152. For the sake of procuring good fortune to (brides), the recitation of benedictory texts (svastyayana), and the sacrifice to the Lord of creatures (Prajāpati) are used at weddings; (but) the betrothal (by the father or guardian) is the cause of (the husband’s) dominion (over his wife).
153. The husband who wedded her with sacred texts, always gives happiness to his wife, both in season and out of season, in this world and in the next.
154. Though destitute of virtue, or seeking pleasure (elsewhere), or devoid of good qualities, (yet) a husband must be constantly worshipped as a god by a faithful wife.

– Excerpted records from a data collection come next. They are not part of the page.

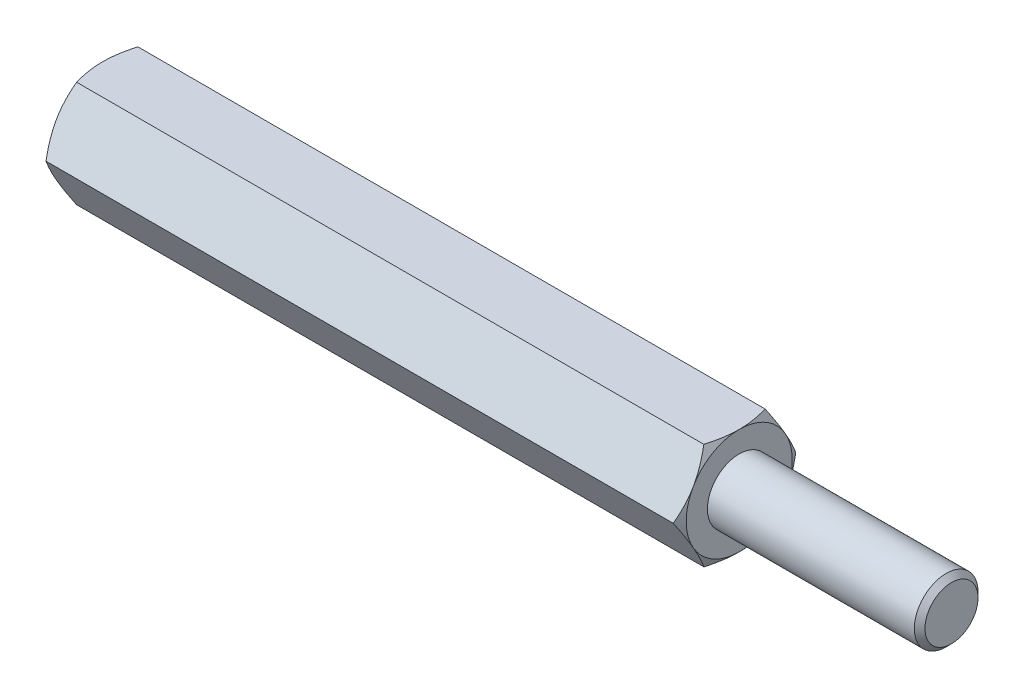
ISO-10303-21;
HEADER;
FILE_DESCRIPTION(('STEP AP214'),'2;1');
FILE_NAME('part.step','',(''),(''),'','','');
FILE_SCHEMA(('AUTOMOTIVE_DESIGN { 1 0 10303 214 1 1 1 1 }'));
ENDSEC;
DATA;
#1=APPLICATION_CONTEXT('core data for automotive mechanical design processes');
#2=APPLICATION_PROTOCOL_DEFINITION('international standard','automotive_design',2000,#1);
#3=PRODUCT_CONTEXT('',#1,'mechanical');
#4=PRODUCT('Part','Part','',(#3));
#5=PRODUCT_RELATED_PRODUCT_CATEGORY('part','',(#4));
#6=PRODUCT_DEFINITION_FORMATION('','',#4);
#7=PRODUCT_DEFINITION_CONTEXT('part definition',#1,'design');
#8=PRODUCT_DEFINITION('design','',#6,#7);
#9=PRODUCT_DEFINITION_SHAPE('','',#8);
#10=(LENGTH_UNIT() NAMED_UNIT(*) SI_UNIT(.MILLI.,.METRE.));
#11=(NAMED_UNIT(*) PLANE_ANGLE_UNIT() SI_UNIT($,.RADIAN.));
#12=(NAMED_UNIT(*) SI_UNIT($,.STERADIAN.) SOLID_ANGLE_UNIT());
#13=UNCERTAINTY_MEASURE_WITH_UNIT(LENGTH_MEASURE(1.E-05),#10,'distance_accuracy_value','');
#14=(GEOMETRIC_REPRESENTATION_CONTEXT(3) GLOBAL_UNCERTAINTY_ASSIGNED_CONTEXT((#13)) GLOBAL_UNIT_ASSIGNED_CONTEXT((#10,
#11,#12)) REPRESENTATION_CONTEXT('',''));
#15=CARTESIAN_POINT('',(0.,0.,0.));
#16=DIRECTION('',(0.,0.,1.));
#17=DIRECTION('',(1.,0.,0.));
#18=AXIS2_PLACEMENT_3D('',#15,#16,#17);
#19=CARTESIAN_POINT('',(15.,2.5,-1.44337567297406));
#20=DIRECTION('',(1.,0.,0.));
#21=DIRECTION('',(0.,0.,-1.));
#22=AXIS2_PLACEMENT_3D('',#19,#20,#21);
#23=PLANE('',#22);
#24=CARTESIAN_POINT('',(15.,0.,0.));
#25=DIRECTION('',(1.,0.,0.));
#26=DIRECTION('',(0.,0.,-1.));
#27=AXIS2_PLACEMENT_3D('',#24,#25,#26);
#28=CIRCLE('',#27,2.5);
#29=CARTESIAN_POINT('',(15.,-1.25,-2.1650635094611));
#30=VERTEX_POINT('',#29);
#31=CARTESIAN_POINT('',(15.,1.25,-2.1650635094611));
#32=VERTEX_POINT('',#31);
#33=EDGE_CURVE('E288',#30,#32,#28,.T.);
#34=ORIENTED_EDGE('',*,*,#33,.T.);
#35=CARTESIAN_POINT('',(15.,2.5,0.));
#36=VERTEX_POINT('',#35);
#37=EDGE_CURVE('E53',#32,#36,#28,.T.);
#38=ORIENTED_EDGE('',*,*,#37,.T.);
#39=CARTESIAN_POINT('',(15.,1.25,2.1650635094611));
#40=VERTEX_POINT('',#39);
#41=EDGE_CURVE('E295',#36,#40,#28,.T.);
#42=ORIENTED_EDGE('',*,*,#41,.T.);
#43=CARTESIAN_POINT('',(15.,-1.25000000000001,2.1650635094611));
#44=VERTEX_POINT('',#43);
#45=EDGE_CURVE('E300',#40,#44,#28,.T.);
#46=ORIENTED_EDGE('',*,*,#45,.T.);
#47=CARTESIAN_POINT('',(15.,0.,0.));
#48=DIRECTION('',(-1.,0.,0.));
#49=DIRECTION('',(0.,-1.,0.));
#50=AXIS2_PLACEMENT_3D('',#47,#48,#49);
#51=CIRCLE('',#50,2.5);
#52=CARTESIAN_POINT('',(15.,-2.50000000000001,0.));
#53=VERTEX_POINT('',#52);
#54=EDGE_CURVE('E193',#53,#44,#51,.T.);
#55=ORIENTED_EDGE('',*,*,#54,.F.);
#56=EDGE_CURVE('E61',#53,#30,#28,.T.);
#57=ORIENTED_EDGE('',*,*,#56,.T.);
#58=EDGE_LOOP('',(#34,#38,#42,#46,#55,#57));
#59=FACE_BOUND('',#58,.T.);
#60=CARTESIAN_POINT('',(15.,0.,0.));
#61=DIRECTION('',(1.,0.,0.));
#62=DIRECTION('',(0.,0.,-1.));
#63=AXIS2_PLACEMENT_3D('',#60,#61,#62);
#64=CIRCLE('',#63,1.5);
#65=CARTESIAN_POINT('',(15.,0.,-1.5));
#66=VERTEX_POINT('',#65);
#67=EDGE_CURVE('E312',#66,#66,#64,.T.);
#68=ORIENTED_EDGE('',*,*,#67,.F.);
#69=EDGE_LOOP('',(#68));
#70=FACE_BOUND('',#69,.T.);
#71=ADVANCED_FACE('F37',(#59,#70),#23,.T.);
#72=CARTESIAN_POINT('',(15.,0.,-2.88675134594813));
#73=DIRECTION('',(0.,-0.5,0.866025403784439));
#74=DIRECTION('',(0.,-0.866025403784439,-0.5));
#75=AXIS2_PLACEMENT_3D('',#72,#73,#74);
#76=PLANE('',#75);
#77=CARTESIAN_POINT('',(14.7766423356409,-0.000199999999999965,-2.88686681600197));
#78=CARTESIAN_POINT('',(14.8132783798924,0.109663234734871,-2.82343724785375));
#79=CARTESIAN_POINT('',(14.8465977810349,0.220474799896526,-2.75946016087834));
#80=CARTESIAN_POINT('',(14.9047577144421,0.444016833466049,-2.63039810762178));
#81=CARTESIAN_POINT('',(14.9295776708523,0.556751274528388,-2.5653108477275));
#82=CARTESIAN_POINT('',(14.968214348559,0.780822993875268,-2.43594298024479));
#83=CARTESIAN_POINT('',(14.9822882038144,0.892125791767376,-2.37168227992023));
#84=CARTESIAN_POINT('',(14.9990908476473,1.11525522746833,-2.24285844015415));
#85=CARTESIAN_POINT('',(15.0018335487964,1.22708105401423,-2.17829576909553));
#86=CARTESIAN_POINT('',(14.9961342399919,1.43604197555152,-2.05765212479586));
#87=CARTESIAN_POINT('',(14.9890916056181,1.53320831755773,-2.0015531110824));
#88=CARTESIAN_POINT('',(14.9667685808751,1.726907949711,-1.88972057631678));
#89=CARTESIAN_POINT('',(14.9514805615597,1.82344056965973,-1.8339874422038));
#90=CARTESIAN_POINT('',(14.9132609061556,2.01753972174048,-1.7219242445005));
#91=CARTESIAN_POINT('',(14.8901672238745,2.11508168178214,-1.66560836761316));
#92=CARTESIAN_POINT('',(14.8377533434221,2.30871060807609,-1.55381665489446));
#93=CARTESIAN_POINT('',(14.8084454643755,2.40480005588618,-1.49833938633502));
#94=CARTESIAN_POINT('',(14.7766423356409,2.5002,-1.44326020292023));
#95=B_SPLINE_CURVE_WITH_KNOTS('',3,(#77,#78,#79,#80,#81,#82,#83,#84,#85,#86,#87,#88,#89,#90,#91,
#92,#93,#94),.UNSPECIFIED.,.F.,.F.,(4,2,2,2,2,2,2,2,4),(0.,0.396285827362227,0.79352433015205,
1.18093086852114,1.56786160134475,1.90479741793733,2.24204551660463,2.58677531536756,
2.93082800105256),.UNSPECIFIED.);
#96=CARTESIAN_POINT('',(14.7767090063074,0.,-2.88675134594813));
#97=VERTEX_POINT('',#96);
#98=EDGE_CURVE('E355',#97,#32,#95,.T.);
#99=ORIENTED_EDGE('',*,*,#98,.F.);
#100=DIRECTION('',(-1.,0.,0.));
#101=VECTOR('',#100,1.);
#102=CARTESIAN_POINT('',(15.,0.,-2.88675134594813));
#103=LINE('',#102,#101);
#104=CARTESIAN_POINT('',(-14.7767090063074,0.,-2.88675134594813));
#105=VERTEX_POINT('',#104);
#106=EDGE_CURVE('E264',#97,#105,#103,.T.);
#107=ORIENTED_EDGE('',*,*,#106,.T.);
#108=CARTESIAN_POINT('',(-14.7766423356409,2.5002,-1.44326020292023));
#109=CARTESIAN_POINT('',(-14.8132783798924,2.39033676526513,-1.50668977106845));
#110=CARTESIAN_POINT('',(-14.8465977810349,2.27952520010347,-1.57066685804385));
#111=CARTESIAN_POINT('',(-14.9047577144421,2.05598316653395,-1.69972891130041));
#112=CARTESIAN_POINT('',(-14.9295776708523,1.94324872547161,-1.7648161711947));
#113=CARTESIAN_POINT('',(-14.968214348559,1.71917700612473,-1.8941840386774));
#114=CARTESIAN_POINT('',(-14.9822882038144,1.60787420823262,-1.95844473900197));
#115=CARTESIAN_POINT('',(-14.9990908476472,1.38474477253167,-2.08726857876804));
#116=CARTESIAN_POINT('',(-15.0018335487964,1.27291894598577,-2.15183124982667));
#117=CARTESIAN_POINT('',(-14.9961342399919,1.06395802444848,-2.27247489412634));
#118=CARTESIAN_POINT('',(-14.9890916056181,0.96679168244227,-2.32857390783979));
#119=CARTESIAN_POINT('',(-14.9667685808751,0.773092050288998,-2.44040644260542));
#120=CARTESIAN_POINT('',(-14.9514805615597,0.676559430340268,-2.49613957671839));
#121=CARTESIAN_POINT('',(-14.9132609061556,0.482460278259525,-2.60820277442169));
#122=CARTESIAN_POINT('',(-14.8901672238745,0.38491831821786,-2.66451865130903));
#123=CARTESIAN_POINT('',(-14.8377533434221,0.191289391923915,-2.77631036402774));
#124=CARTESIAN_POINT('',(-14.8084454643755,0.0951999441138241,-2.83178763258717));
#125=CARTESIAN_POINT('',(-14.7766423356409,-0.000199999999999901,-2.88686681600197));
#126=B_SPLINE_CURVE_WITH_KNOTS('',3,(#108,#109,#110,#111,#112,#113,#114,#115,#116,#117,#118,
#119,#120,#121,#122,#123,#124,#125),.UNSPECIFIED.,.F.,.F.,(4,2,2,2,2,2,2,2,4),(0.,
0.396285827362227,0.79352433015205,1.18093086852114,1.56786160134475,1.90479741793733,
2.24204551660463,2.58677531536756,2.93082800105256),.UNSPECIFIED.);
#127=CARTESIAN_POINT('',(-15.,1.25,-2.1650635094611));
#128=VERTEX_POINT('',#127);
#129=EDGE_CURVE('E398',#128,#105,#126,.T.);
#130=ORIENTED_EDGE('',*,*,#129,.F.);
#131=CARTESIAN_POINT('',(-14.7767090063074,2.5,-1.44337567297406));
#132=VERTEX_POINT('',#131);
#133=EDGE_CURVE('E393',#132,#128,#126,.T.);
#134=ORIENTED_EDGE('',*,*,#133,.F.);
#135=DIRECTION('',(-1.,0.,0.));
#136=VECTOR('',#135,1.);
#137=CARTESIAN_POINT('',(15.,2.5,-1.44337567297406));
#138=LINE('',#137,#136);
#139=CARTESIAN_POINT('',(14.7767090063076,2.5,-1.44337567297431));
#140=VERTEX_POINT('',#139);
#141=EDGE_CURVE('E279',#140,#132,#138,.T.);
#142=ORIENTED_EDGE('',*,*,#141,.F.);
#143=EDGE_CURVE('E229',#32,#140,#95,.T.);
#144=ORIENTED_EDGE('',*,*,#143,.F.);
#145=EDGE_LOOP('',(#99,#107,#130,#134,#142,#144));
#146=FACE_BOUND('',#145,.T.);
#147=ADVANCED_FACE('F148',(#146),#76,.F.);
#148=CARTESIAN_POINT('',(15.,2.5,-1.44337567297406));
#149=DIRECTION('',(0.,-1.,0.));
#150=DIRECTION('',(0.,0.,-1.));
#151=AXIS2_PLACEMENT_3D('',#148,#149,#150);
#152=PLANE('',#151);
#153=CARTESIAN_POINT('',(13.7680338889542,2.5,-3.90158441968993));
#154=CARTESIAN_POINT('',(13.8212077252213,2.5,-3.79217004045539));
#155=CARTESIAN_POINT('',(13.8738786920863,2.5,-3.68250707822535));
#156=CARTESIAN_POINT('',(13.9779324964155,2.5,-3.46255185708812));
#157=CARTESIAN_POINT('',(14.0293151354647,2.5,-3.35225950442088));
#158=CARTESIAN_POINT('',(14.1307630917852,2.5,-3.13035696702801));
#159=CARTESIAN_POINT('',(14.1808199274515,2.5,-3.0187428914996));
#160=CARTESIAN_POINT('',(14.2789171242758,2.5,-2.79463535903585));
#161=CARTESIAN_POINT('',(14.3269575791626,2.5,-2.68214194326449));
#162=CARTESIAN_POINT('',(14.4220184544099,2.5,-2.45240385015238));
#163=CARTESIAN_POINT('',(14.4689543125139,2.5,-2.33512399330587));
#164=CARTESIAN_POINT('',(14.5593326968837,2.5,-2.09920133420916));
#165=CARTESIAN_POINT('',(14.6027748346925,2.5,-1.98055838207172));
#166=CARTESIAN_POINT('',(14.6850435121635,2.5,-1.74193489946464));
#167=CARTESIAN_POINT('',(14.7238791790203,2.5,-1.6219575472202));
#168=CARTESIAN_POINT('',(14.7957050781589,2.5,-1.38028205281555));
#169=CARTESIAN_POINT('',(14.8286971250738,2.5,-1.25858445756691));
#170=CARTESIAN_POINT('',(14.8870959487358,2.5,-1.01406369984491));
#171=CARTESIAN_POINT('',(14.9125437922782,2.5,-0.891250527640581));
#172=CARTESIAN_POINT('',(14.9544275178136,2.5,-0.64407172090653));
#173=CARTESIAN_POINT('',(14.9708643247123,2.5,-0.519706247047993));
#174=CARTESIAN_POINT('',(14.9932006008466,2.5,-0.271679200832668));
#175=CARTESIAN_POINT('',(14.9992375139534,2.5,-0.148030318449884));
#176=CARTESIAN_POINT('',(15.0006256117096,2.5,0.099339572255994));
#177=CARTESIAN_POINT('',(14.9959765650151,2.5,0.223060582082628));
#178=CARTESIAN_POINT('',(14.9794044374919,2.5,0.432351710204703));
#179=CARTESIAN_POINT('',(14.9701066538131,2.5,0.518143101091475));
#180=CARTESIAN_POINT('',(14.9469384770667,2.5,0.689112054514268));
#181=CARTESIAN_POINT('',(14.9330674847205,2.5,0.774289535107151));
#182=CARTESIAN_POINT('',(14.8853202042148,2.5,1.02876599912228));
#183=CARTESIAN_POINT('',(14.8453176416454,2.5,1.19691958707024));
#184=CARTESIAN_POINT('',(14.7522656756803,2.5,1.53362893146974));
#185=CARTESIAN_POINT('',(14.6989362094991,2.5,1.70210423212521));
#186=CARTESIAN_POINT('',(14.6123716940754,2.5,1.95247339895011));
#187=CARTESIAN_POINT('',(14.5824247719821,2.5,2.03553184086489));
#188=CARTESIAN_POINT('',(14.5206840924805,2.5,2.20095860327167));
#189=CARTESIAN_POINT('',(14.4888903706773,2.5,2.2833269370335));
#190=CARTESIAN_POINT('',(14.404014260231,2.5,2.49723312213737));
#191=CARTESIAN_POINT('',(14.3497173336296,2.5,2.6282879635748));
#192=CARTESIAN_POINT('',(14.2381273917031,2.5,2.88912034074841));
#193=CARTESIAN_POINT('',(14.1808341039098,2.5,3.01889775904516));
#194=CARTESIAN_POINT('',(14.0639348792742,2.5,3.27745045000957));
#195=CARTESIAN_POINT('',(14.004328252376,2.5,3.40622540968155));
#196=CARTESIAN_POINT('',(13.8833234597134,2.5,3.66293235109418));
#197=CARTESIAN_POINT('',(13.821925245,2.5,3.79086430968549));
#198=CARTESIAN_POINT('',(13.6354580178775,2.5,4.17399495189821));
#199=CARTESIAN_POINT('',(13.5082824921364,2.5,4.42816724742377));
#200=CARTESIAN_POINT('',(13.2503455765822,2.5,4.93461464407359));
#201=CARTESIAN_POINT('',(13.1195848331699,2.5,5.18689007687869));
#202=CARTESIAN_POINT('',(12.8687100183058,2.5,5.66512451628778));
#203=CARTESIAN_POINT('',(12.7488298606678,2.5,5.89120644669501));
#204=CARTESIAN_POINT('',(12.5075902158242,2.5,6.34259369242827));
#205=CARTESIAN_POINT('',(12.3862306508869,2.5,6.56789896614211));
#206=CARTESIAN_POINT('',(12.142780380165,2.5,7.01722044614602));
#207=CARTESIAN_POINT('',(12.0206930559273,2.5,7.24123848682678));
#208=CARTESIAN_POINT('',(11.7756662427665,2.5,7.68878772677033));
#209=CARTESIAN_POINT('',(11.652726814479,2.5,7.9123189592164));
#210=CARTESIAN_POINT('',(11.5294756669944,2.5,8.13567697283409));
#211=B_SPLINE_CURVE_WITH_KNOTS('',3,(#153,#154,#155,#156,#157,#158,#159,#160,#161,#162,#163,
#164,#165,#166,#167,#168,#169,#170,#171,#172,#173,#174,#175,#176,#177,#178,#179,#180,#181,#182,
#183,#184,#185,#186,#187,#188,#189,#190,#191,#192,#193,#194,#195,#196,#197,#198,#199,#200,#201,
#202,#203,#204,#205,#206,#207,#208,#209,#210),.UNSPECIFIED.,.F.,.F.,(4,2,2,2,2,2,2,2,2,2,2,2,2,
2,2,2,2,2,2,2,2,2,2,2,2,2,2,2,4),(0.,0.364957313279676,0.729970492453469,1.09692930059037,
1.46387103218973,1.84279746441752,2.22176597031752,2.59997058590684,2.97805755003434,
3.3540469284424,3.72999770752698,4.10094071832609,4.47189175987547,4.73064905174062,
4.98944026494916,5.5072907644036,6.03710483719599,6.30196454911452,6.56681915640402,
6.99233818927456,7.41789598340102,7.84358170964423,8.26927907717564,9.12186602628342,
9.9743002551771,10.7419897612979,11.5097197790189,12.2750964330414,13.0404191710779),.UNSPECIFIED.);
#212=EDGE_CURVE('E227',#140,#36,#211,.T.);
#213=ORIENTED_EDGE('',*,*,#212,.F.);
#214=ORIENTED_EDGE('',*,*,#141,.T.);
#215=CARTESIAN_POINT('',(-13.7680338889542,2.5,-3.90158441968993));
#216=CARTESIAN_POINT('',(-13.8212077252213,2.5,-3.79217004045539));
#217=CARTESIAN_POINT('',(-13.8738786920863,2.5,-3.68250707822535));
#218=CARTESIAN_POINT('',(-13.9779324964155,2.5,-3.46255185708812));
#219=CARTESIAN_POINT('',(-14.0293151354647,2.5,-3.35225950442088));
#220=CARTESIAN_POINT('',(-14.1307630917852,2.5,-3.13035696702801));
#221=CARTESIAN_POINT('',(-14.1808199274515,2.5,-3.0187428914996));
#222=CARTESIAN_POINT('',(-14.2789171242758,2.5,-2.79463535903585));
#223=CARTESIAN_POINT('',(-14.3269575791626,2.5,-2.68214194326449));
#224=CARTESIAN_POINT('',(-14.4220184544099,2.5,-2.45240385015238));
#225=CARTESIAN_POINT('',(-14.4689543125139,2.5,-2.33512399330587));
#226=CARTESIAN_POINT('',(-14.5593326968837,2.5,-2.09920133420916));
#227=CARTESIAN_POINT('',(-14.6027748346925,2.5,-1.98055838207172));
#228=CARTESIAN_POINT('',(-14.6850435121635,2.5,-1.74193489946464));
#229=CARTESIAN_POINT('',(-14.7238791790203,2.5,-1.6219575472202));
#230=CARTESIAN_POINT('',(-14.7957050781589,2.5,-1.38028205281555));
#231=CARTESIAN_POINT('',(-14.8286971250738,2.5,-1.25858445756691));
#232=CARTESIAN_POINT('',(-14.8870959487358,2.5,-1.01406369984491));
#233=CARTESIAN_POINT('',(-14.9125437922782,2.5,-0.891250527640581));
#234=CARTESIAN_POINT('',(-14.9544275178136,2.5,-0.64407172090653));
#235=CARTESIAN_POINT('',(-14.9708643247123,2.5,-0.519706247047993));
#236=CARTESIAN_POINT('',(-14.9932006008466,2.5,-0.271679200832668));
#237=CARTESIAN_POINT('',(-14.9992375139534,2.5,-0.148030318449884));
#238=CARTESIAN_POINT('',(-15.0006256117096,2.5,0.099339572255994));
#239=CARTESIAN_POINT('',(-14.9959765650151,2.5,0.223060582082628));
#240=CARTESIAN_POINT('',(-14.9794044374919,2.5,0.432351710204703));
#241=CARTESIAN_POINT('',(-14.9701066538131,2.5,0.518143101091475));
#242=CARTESIAN_POINT('',(-14.9469384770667,2.5,0.689112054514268));
#243=CARTESIAN_POINT('',(-14.9330674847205,2.5,0.774289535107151));
#244=CARTESIAN_POINT('',(-14.8853202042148,2.5,1.02876599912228));
#245=CARTESIAN_POINT('',(-14.8453176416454,2.5,1.19691958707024));
#246=CARTESIAN_POINT('',(-14.7522656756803,2.5,1.53362893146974));
#247=CARTESIAN_POINT('',(-14.6989362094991,2.5,1.70210423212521));
#248=CARTESIAN_POINT('',(-14.6123716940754,2.5,1.95247339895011));
#249=CARTESIAN_POINT('',(-14.5824247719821,2.5,2.03553184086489));
#250=CARTESIAN_POINT('',(-14.5206840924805,2.5,2.20095860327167));
#251=CARTESIAN_POINT('',(-14.4888903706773,2.5,2.2833269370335));
#252=CARTESIAN_POINT('',(-14.404014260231,2.5,2.49723312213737));
#253=CARTESIAN_POINT('',(-14.3497173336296,2.5,2.6282879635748));
#254=CARTESIAN_POINT('',(-14.2381273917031,2.5,2.88912034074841));
#255=CARTESIAN_POINT('',(-14.1808341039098,2.5,3.01889775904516));
#256=CARTESIAN_POINT('',(-14.0639348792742,2.5,3.27745045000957));
#257=CARTESIAN_POINT('',(-14.004328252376,2.5,3.40622540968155));
#258=CARTESIAN_POINT('',(-13.8833234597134,2.5,3.66293235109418));
#259=CARTESIAN_POINT('',(-13.821925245,2.5,3.79086430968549));
#260=CARTESIAN_POINT('',(-13.6354580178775,2.5,4.17399495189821));
#261=CARTESIAN_POINT('',(-13.5082824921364,2.5,4.42816724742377));
#262=CARTESIAN_POINT('',(-13.2503455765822,2.5,4.93461464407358));
#263=CARTESIAN_POINT('',(-13.1195848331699,2.5,5.18689007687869));
#264=CARTESIAN_POINT('',(-12.8687100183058,2.5,5.66512451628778));
#265=CARTESIAN_POINT('',(-12.7488298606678,2.5,5.89120644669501));
#266=CARTESIAN_POINT('',(-12.5075902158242,2.5,6.34259369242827));
#267=CARTESIAN_POINT('',(-12.3862306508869,2.5,6.56789896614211));
#268=CARTESIAN_POINT('',(-12.142780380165,2.5,7.01722044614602));
#269=CARTESIAN_POINT('',(-12.0206930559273,2.5,7.24123848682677));
#270=CARTESIAN_POINT('',(-11.7756662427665,2.5,7.68878772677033));
#271=CARTESIAN_POINT('',(-11.652726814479,2.5,7.9123189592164));
#272=CARTESIAN_POINT('',(-11.5294756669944,2.5,8.13567697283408));
#273=B_SPLINE_CURVE_WITH_KNOTS('',3,(#215,#216,#217,#218,#219,#220,#221,#222,#223,#224,#225,
#226,#227,#228,#229,#230,#231,#232,#233,#234,#235,#236,#237,#238,#239,#240,#241,#242,#243,#244,
#245,#246,#247,#248,#249,#250,#251,#252,#253,#254,#255,#256,#257,#258,#259,#260,#261,#262,#263,
#264,#265,#266,#267,#268,#269,#270,#271,#272),.UNSPECIFIED.,.F.,.F.,(4,2,2,2,2,2,2,2,2,2,2,2,2,
2,2,2,2,2,2,2,2,2,2,2,2,2,2,2,4),(0.,0.364957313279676,0.729970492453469,1.09692930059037,
1.46387103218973,1.84279746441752,2.22176597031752,2.59997058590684,2.97805755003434,
3.3540469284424,3.72999770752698,4.10094071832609,4.47189175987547,4.73064905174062,
4.98944026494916,5.5072907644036,6.03710483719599,6.30196454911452,6.56681915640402,
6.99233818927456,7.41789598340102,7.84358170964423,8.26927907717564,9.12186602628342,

155. No sacrifice, no vow, no fast must be performed by women apart (from their husbands); if a wife obeys her husband, she will for that (reason alone) be exalted in heaven.
156. A faithful wife, who desires to dwell (after death) with her husband, must never do anything that might displease him who took her hand, whether he be alive or dead.
157. At her pleasure let her emaciate her body by (living on) pure flowers, roots, and fruit; but she must never even mention the name of another man after her husband has died.
158. Until death let her be patient (of hardships), self-controlled, and chaste, and strive (to fulfil) that most excellent duty which (is prescribed) for wives who have one husband only.
159. Many thousands of Brāhmanas who were chaste from their youth, have gone to heaven without continuing their race.
160. A virtuous wife who after the death of her husband constantly remains chaste, reaches heaven, though she have no son, just like those chaste men.
161. But a woman who from a desire to have offspring violates her duty towards her (deceased) husband, brings on herself disgrace in this world, and loses her place with her husband (in heaven).
162. Offspring begotten by another man is here not (considered lawful), nor (does offspring begotten) on another man’s wife (belong to the begetter), nor is a second husband anywhere prescribed for virtuous women.
163. She who cohabits with a man of higher caste, forsaking her own husband who belongs to a lower one, will become contemptible in this world, and is called a remarried woman (parapûrvâ).
164. By violating her duty towards her husband, a wife is disgraced in this world, (after death) she enters the womb of a jackal, and is tormented by diseases (the punishment of) her sin.
165. She who, controlling her thoughts, words, and deeds, never slights her lord, resides (after death) with her husband (in heaven), and is called a virtuous (wife).
166. In reward of such conduct, a female who controls her thoughts, speech, and actions, gains in this (life) highest renown, and in the next (world) a place near her husband.